The convolution of two functions, \(f\) and \(g\), is written as \(f * g\). Strictly, this operation is the integral of the product of the two functions after one is reflected about the y-axis and shifted. Graphically, the convolution leads to the shape of one function becoming modified by another. Mathematically, a convolution is written as,

\[ (f * g)(t) := \int_{-\infty}^{\infty} f(\tau)g(t-\tau)\;\textrm{d}\tau, \]

where, \(\tau\) is the shift. Note that convolution is communtative, so \(f * g = g * f\).
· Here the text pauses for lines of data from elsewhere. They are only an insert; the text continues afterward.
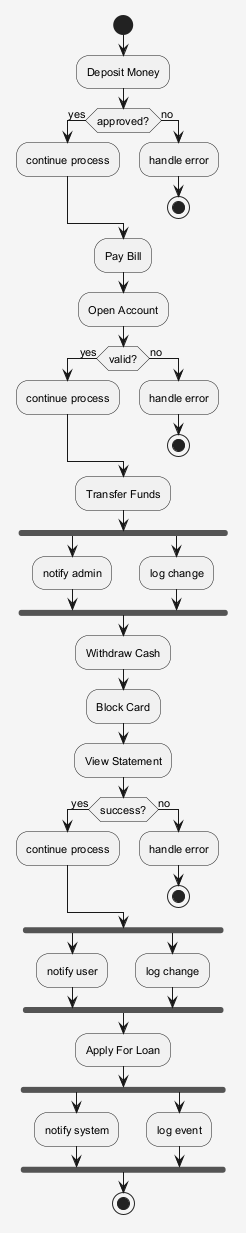

The diagram above was rendered by PlantUML. Its source (embedded in the PNG):
@startuml
skinparam shadowing false
skinparam backgroundColor #F5F5F5
skinparam defaultFontSize 11
start
:Deposit Money;
if (approved?) then (yes)
:continue process;
else (no)
:handle error;
stop
endif
:Pay Bill;
:Open Account;
if (valid?) then (yes)
:continue process;
else (no)
:handle error;
stop
endif
:Transfer Funds;
fork
:notify admin;
fork again
:log change;
end fork
:Withdraw Cash;
:Block Card;
:View Statement;
if (success?) then (yes)
:continue process;
else (no)
:handle error;
stop
endif
fork
:notify user;
fork again
:log change;
end fork
:Apply For Loan;
fork
:notify system;
fork again
:log event;
end fork
stop
@enduml

Let’s have a look at the convolution of two one-dimensional functions.

import numpy as np
import matplotlib.pyplot as plt
from scipy.stats import norm, uniform

x = np.linspace(-10, 10, 1000)
n = norm.pdf(x)
u =  uniform.pdf(x, loc=-3, scale=6)

fig, ax = plt.subplots()
ax.plot(x, n, label='f(x)')
ax.plot(x, u, label='g(x)')
ax.plot(x, np.convolve(n, u, mode='same') / 20, label='f(x) * g(x) / 20')
ax.set_ylim(0, None)
ax.set_xlabel('x')
ax.legend()
plt.show()
../_images/06ae802199628da4763fd8ad063ed580499ca12c224ef7252b9f7ad7df69a9cc.png

Above, we convolve the standard normal distribution with a uniform distribution to produce a new distribution with the character of both. Note that the mode is set to 'same', such that the output is on the same scale as the maximum from the inputs. The way that a convolution works can be seen in the following animation.

../_images/convolve.gif

Fig. 40 A gif showing the process of convolving a uniform distribution with an impulse response. Reproduced under a CC BY-SA 3.0 license.#

The convolution is closely related to the cross-correlation, with the only difference being that the cross-correlation function does not reflect either function in the y-axis.

Image Convolution#

Convolutional neural networks are commonly applied to image classification problems. This means that the convolutions are being applied over the two dimensions of the image. Let’s see the result of one such convolutional filter on an image of a very cute dog.

pepe = np.loadtxt('../data/pepe.txt')

fig, ax = plt.subplots()

ax.imshow(pepe, cmap='gray')
ax.axis('off')
plt.show()
../_images/af05a3cbc8aa96d4952bceff1e4e83d0b2d2ead523f57dfae11478050fcb4386.png

For this, we will apply a Gaussian filter with x and y means of 0 and the following covariance matrix.

means = [0, 0]
cov = [[1, 0.5], [0.5, 1]]

We will construct the Gaussian filter using the scipy.stats.multivariate_normal object.

from scipy.stats import multivariate_normal

mv = multivariate_normal(means, cov)

And visiualise this distribution with a contour plot.

x, y = np.mgrid[-3:3:.01, -3:3:.01]

fig, ax = plt.subplots()

ax.contourf(mv.pdf(np.dstack((x, y))), extent=(-3, 3, -3, 3))
ax.set_aspect('equal')
ax.set_xlabel('x')
ax.set_ylabel('y')
plt.show()
../_images/0278e99bb8084784a68b68f4cf00856f6beb2baad1ba053c0b989837265fea68.png

Above, we have used a very fine grid over which the PDF has been computed. However, in the convolution context, the convolutional kernel’s size is also important. Here, we will use a 30×30 convolutional filter to show the effect.

kernel = mv.pdf(np.dstack(np.mgrid[-3:3:.2, -3:3:.2]))
kernel.shape
(30, 30)

To perform this convolution, we use the scipy.signal.convolve2d function, again with the mode as 'same'.

from scipy.signal import convolve2d

pepe_convolved = convolve2d(pepe, kernel, mode='same')

fig, ax = plt.subplots(1, 2, figsize=(10, 5))

ax[0].imshow(pepe, cmap='gray')
ax[1].imshow(pepe_convolved, cmap='gray')
ax[0].axis('off')
ax[1].axis('off')
ax[0].set_title('Original')
ax[1].set_title('Convolved')
plt.show()
../_images/5c720b9e37e48786fb8a1e731a594ccc035d4073a2a85c45c08a612b970b0234.png

From passing the convolutional filter over the image, we get a more smeared-out version of the image. This is known as a Gaussian blur kernel. This is not the only type of filter that exists. Indeed, different filters serve different purposes in image classification. For example, the Prewitt and Sobel filters are popular for edge detection.

Changing Filters#

During the training of a neural network, the filters are among the trained parameters. This means that the analysis of the filters in a network can be informative about the trends being discovered. By investigating the filters trained in the network, we can begin to understand what the network has learnt.